──────── INFORMATION SUPPLIED ────────

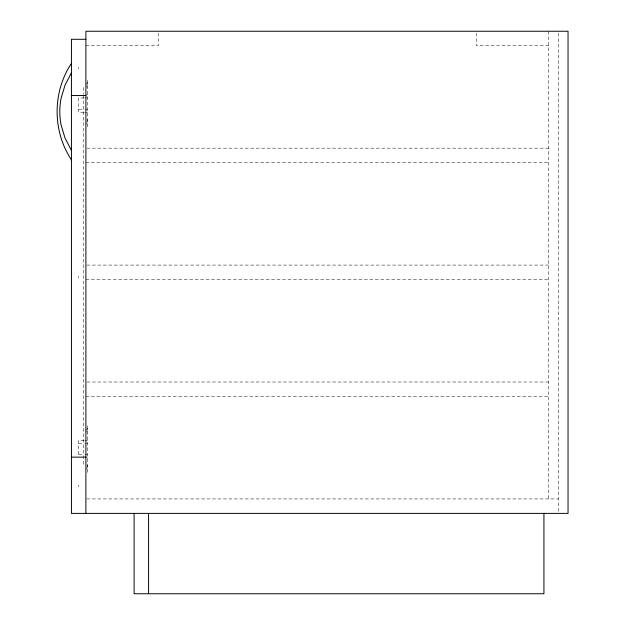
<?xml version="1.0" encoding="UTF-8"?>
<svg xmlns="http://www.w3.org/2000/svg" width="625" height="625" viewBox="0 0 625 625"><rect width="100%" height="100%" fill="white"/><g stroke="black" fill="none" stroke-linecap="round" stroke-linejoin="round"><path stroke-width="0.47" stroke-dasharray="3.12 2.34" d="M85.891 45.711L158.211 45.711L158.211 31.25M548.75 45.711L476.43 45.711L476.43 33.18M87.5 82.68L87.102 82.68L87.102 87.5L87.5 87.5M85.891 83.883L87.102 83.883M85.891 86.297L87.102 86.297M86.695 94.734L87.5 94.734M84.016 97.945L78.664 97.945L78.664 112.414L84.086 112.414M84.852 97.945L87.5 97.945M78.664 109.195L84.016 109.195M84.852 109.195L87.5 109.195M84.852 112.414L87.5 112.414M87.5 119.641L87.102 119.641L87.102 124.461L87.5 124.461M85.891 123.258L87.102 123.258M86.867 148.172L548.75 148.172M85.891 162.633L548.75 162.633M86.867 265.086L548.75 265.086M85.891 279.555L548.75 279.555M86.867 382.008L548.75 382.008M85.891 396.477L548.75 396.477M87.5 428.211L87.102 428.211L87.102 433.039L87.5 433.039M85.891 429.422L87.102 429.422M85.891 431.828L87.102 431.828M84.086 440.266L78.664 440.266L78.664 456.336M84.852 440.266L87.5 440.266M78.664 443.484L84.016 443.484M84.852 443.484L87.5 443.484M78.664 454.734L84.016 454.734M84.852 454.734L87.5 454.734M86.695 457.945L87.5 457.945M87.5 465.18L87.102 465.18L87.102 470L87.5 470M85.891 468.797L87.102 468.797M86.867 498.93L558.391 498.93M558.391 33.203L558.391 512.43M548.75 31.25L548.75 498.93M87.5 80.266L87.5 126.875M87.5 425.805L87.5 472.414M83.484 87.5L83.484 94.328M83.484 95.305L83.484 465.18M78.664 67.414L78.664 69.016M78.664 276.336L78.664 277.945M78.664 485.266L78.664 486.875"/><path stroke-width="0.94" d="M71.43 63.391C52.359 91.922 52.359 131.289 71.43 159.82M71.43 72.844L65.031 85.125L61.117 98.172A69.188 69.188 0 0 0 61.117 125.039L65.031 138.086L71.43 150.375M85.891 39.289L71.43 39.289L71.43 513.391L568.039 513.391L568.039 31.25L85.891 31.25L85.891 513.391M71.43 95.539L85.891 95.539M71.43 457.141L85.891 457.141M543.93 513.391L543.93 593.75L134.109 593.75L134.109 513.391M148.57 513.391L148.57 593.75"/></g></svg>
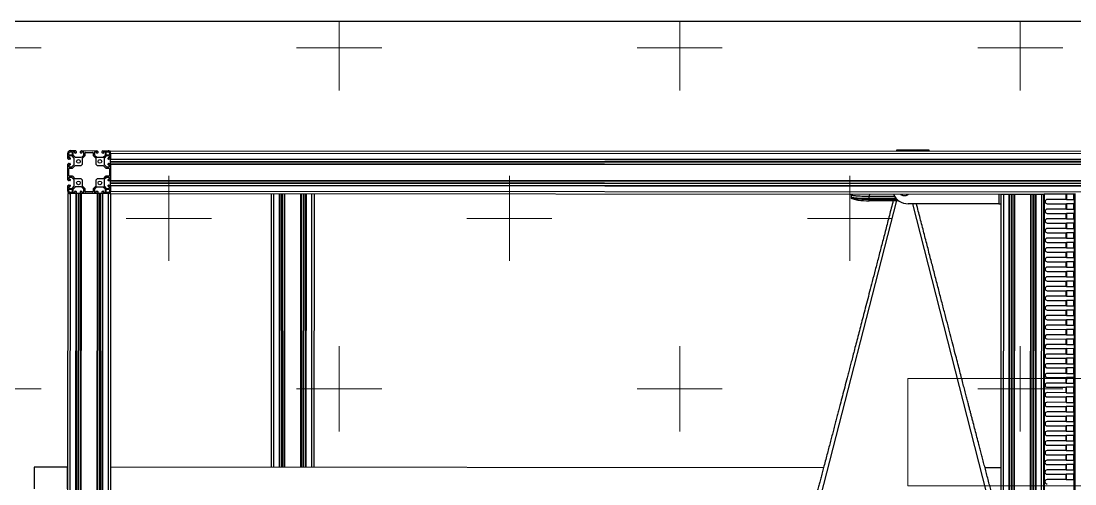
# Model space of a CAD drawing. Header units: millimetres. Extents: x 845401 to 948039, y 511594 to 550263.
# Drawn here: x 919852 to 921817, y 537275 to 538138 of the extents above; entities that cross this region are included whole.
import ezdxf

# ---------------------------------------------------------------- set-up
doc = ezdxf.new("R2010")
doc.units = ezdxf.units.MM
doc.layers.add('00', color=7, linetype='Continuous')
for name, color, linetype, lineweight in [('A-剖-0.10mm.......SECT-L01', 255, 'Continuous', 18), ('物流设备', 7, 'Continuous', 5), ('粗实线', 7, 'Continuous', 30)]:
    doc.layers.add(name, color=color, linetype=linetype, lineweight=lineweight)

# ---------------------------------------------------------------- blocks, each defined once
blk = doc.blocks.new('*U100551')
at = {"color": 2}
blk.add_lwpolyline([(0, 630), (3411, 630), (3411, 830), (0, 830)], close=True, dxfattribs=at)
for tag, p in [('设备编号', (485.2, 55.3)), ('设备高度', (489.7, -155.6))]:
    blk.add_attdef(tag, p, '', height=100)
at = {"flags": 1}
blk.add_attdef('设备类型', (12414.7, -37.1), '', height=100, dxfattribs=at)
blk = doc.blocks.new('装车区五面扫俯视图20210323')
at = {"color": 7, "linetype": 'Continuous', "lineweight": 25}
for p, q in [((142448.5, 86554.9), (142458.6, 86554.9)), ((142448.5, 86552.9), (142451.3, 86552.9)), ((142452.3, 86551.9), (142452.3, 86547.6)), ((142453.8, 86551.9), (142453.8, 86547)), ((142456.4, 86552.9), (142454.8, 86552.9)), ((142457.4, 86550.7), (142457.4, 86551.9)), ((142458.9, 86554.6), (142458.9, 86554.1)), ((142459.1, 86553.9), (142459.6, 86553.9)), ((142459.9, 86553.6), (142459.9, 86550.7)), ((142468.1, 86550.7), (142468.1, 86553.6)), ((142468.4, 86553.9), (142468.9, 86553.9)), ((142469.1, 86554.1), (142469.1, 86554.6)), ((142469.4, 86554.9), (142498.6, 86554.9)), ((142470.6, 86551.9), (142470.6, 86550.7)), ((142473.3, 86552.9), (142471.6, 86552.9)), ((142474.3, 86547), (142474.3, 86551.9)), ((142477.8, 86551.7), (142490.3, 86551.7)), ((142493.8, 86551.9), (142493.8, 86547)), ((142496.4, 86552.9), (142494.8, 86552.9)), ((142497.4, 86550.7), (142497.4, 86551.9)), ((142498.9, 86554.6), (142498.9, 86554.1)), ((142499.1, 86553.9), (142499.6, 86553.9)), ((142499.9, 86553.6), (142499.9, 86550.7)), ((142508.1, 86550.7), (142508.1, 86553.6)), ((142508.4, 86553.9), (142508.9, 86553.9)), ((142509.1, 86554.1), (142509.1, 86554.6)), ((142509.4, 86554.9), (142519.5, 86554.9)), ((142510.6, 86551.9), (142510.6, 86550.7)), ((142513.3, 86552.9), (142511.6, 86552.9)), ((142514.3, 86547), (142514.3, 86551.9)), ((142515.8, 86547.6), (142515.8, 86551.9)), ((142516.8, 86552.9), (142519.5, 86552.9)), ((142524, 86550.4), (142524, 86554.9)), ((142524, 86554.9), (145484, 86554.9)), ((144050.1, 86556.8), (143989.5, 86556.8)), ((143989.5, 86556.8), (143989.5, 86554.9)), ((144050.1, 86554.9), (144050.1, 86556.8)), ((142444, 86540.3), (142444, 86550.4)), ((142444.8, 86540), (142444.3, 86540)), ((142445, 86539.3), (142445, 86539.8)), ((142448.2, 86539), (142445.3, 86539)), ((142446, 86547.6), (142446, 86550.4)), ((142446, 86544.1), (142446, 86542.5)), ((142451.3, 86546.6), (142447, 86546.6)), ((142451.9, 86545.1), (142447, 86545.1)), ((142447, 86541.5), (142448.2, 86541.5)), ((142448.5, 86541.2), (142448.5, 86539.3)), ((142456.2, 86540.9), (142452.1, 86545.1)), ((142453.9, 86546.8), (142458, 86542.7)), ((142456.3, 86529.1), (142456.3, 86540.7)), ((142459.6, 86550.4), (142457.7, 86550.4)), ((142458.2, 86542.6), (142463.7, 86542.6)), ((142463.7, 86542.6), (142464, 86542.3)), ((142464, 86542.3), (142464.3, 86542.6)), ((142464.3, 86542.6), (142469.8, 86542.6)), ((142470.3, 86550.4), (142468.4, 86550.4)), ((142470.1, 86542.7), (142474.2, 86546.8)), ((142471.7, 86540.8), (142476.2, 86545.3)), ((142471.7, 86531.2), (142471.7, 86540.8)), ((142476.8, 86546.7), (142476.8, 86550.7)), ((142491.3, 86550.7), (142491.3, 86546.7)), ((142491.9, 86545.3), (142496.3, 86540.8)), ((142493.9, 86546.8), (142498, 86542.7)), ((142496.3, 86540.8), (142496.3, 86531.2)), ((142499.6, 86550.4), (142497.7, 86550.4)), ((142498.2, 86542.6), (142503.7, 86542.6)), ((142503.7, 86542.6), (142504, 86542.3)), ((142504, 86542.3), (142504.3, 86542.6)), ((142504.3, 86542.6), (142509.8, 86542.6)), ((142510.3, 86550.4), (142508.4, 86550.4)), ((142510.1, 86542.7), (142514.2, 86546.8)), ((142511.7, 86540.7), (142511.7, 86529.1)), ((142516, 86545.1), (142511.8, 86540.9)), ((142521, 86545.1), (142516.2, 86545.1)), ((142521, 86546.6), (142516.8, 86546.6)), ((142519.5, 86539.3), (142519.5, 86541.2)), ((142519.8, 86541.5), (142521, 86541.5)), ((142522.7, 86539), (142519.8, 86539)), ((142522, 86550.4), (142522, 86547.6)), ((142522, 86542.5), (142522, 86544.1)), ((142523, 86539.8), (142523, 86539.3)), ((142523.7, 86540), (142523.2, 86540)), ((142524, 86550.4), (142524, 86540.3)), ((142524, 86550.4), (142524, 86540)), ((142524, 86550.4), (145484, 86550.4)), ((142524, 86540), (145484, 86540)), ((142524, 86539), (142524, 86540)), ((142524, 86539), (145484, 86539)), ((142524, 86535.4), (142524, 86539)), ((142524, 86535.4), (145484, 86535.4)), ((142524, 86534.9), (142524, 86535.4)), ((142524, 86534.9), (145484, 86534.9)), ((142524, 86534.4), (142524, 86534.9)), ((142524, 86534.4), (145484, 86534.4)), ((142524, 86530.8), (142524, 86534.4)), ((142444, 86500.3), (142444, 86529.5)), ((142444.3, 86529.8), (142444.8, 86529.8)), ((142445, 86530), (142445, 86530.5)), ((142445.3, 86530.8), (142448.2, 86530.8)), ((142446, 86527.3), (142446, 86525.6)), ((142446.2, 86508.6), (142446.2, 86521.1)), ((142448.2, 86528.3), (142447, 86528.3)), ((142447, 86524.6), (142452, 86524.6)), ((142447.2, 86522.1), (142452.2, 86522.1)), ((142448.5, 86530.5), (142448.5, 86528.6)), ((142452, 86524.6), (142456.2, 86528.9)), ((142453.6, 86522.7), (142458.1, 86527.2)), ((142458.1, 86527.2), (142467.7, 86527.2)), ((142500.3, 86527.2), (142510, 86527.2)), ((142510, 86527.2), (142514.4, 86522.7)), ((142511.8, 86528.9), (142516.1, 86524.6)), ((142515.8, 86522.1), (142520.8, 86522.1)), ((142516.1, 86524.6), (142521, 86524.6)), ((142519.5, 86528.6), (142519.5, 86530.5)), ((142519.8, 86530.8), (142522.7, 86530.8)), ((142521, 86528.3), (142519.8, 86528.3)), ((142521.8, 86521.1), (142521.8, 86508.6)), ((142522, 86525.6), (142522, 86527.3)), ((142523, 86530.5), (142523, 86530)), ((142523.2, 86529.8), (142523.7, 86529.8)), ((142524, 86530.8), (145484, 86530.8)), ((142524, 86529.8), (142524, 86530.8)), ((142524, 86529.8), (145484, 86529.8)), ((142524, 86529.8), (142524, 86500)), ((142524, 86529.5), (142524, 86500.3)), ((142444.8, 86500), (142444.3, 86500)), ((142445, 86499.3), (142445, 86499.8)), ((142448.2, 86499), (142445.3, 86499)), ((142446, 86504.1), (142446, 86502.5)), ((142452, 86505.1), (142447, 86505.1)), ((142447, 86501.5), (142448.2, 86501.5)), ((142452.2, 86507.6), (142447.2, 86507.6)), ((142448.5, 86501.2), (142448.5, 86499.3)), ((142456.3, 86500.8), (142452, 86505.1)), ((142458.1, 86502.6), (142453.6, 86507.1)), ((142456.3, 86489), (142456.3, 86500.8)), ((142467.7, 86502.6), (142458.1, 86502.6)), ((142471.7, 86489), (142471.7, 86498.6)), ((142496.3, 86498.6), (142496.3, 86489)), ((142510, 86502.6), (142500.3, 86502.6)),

────────

Proceeding from the line containing "# Drawn here: x" through the line containing "-37.1), '', height=100, dxfattribs=at)", transcribe the lines above exactly, both end lines included.

* [YOUR RESPONSE]
# Drawn here: x 919852 to 921817, y 537275 to 538138 of the extents above; entities that cross this region are included whole.
import ezdxf

# ---------------------------------------------------------------- set-up
doc = ezdxf.new("R2010")
doc.units = ezdxf.units.MM
doc.layers.add('00', color=7, linetype='Continuous')
for name, color, linetype, lineweight in [('A-剖-0.10mm.......SECT-L01', 255, 'Continuous', 18), ('物流设备', 7, 'Continuous', 5), ('粗实线', 7, 'Continuous', 30)]:
    doc.layers.add(name, color=color, linetype=linetype, lineweight=lineweight)

# ---------------------------------------------------------------- blocks, each defined once
blk = doc.blocks.new('*U100551')
at = {"color": 2}
blk.add_lwpolyline([(0, 630), (3411, 630), (3411, 830), (0, 830)], close=True, dxfattribs=at)
for tag, p in [('设备编号', (485.2, 55.3)), ('设备高度', (489.7, -155.6))]:
    blk.add_attdef(tag, p, '', height=100)
at = {"flags": 1}
blk.add_attdef('设备类型', (12414.7, -37.1), '', height=100, dxfattribs=at)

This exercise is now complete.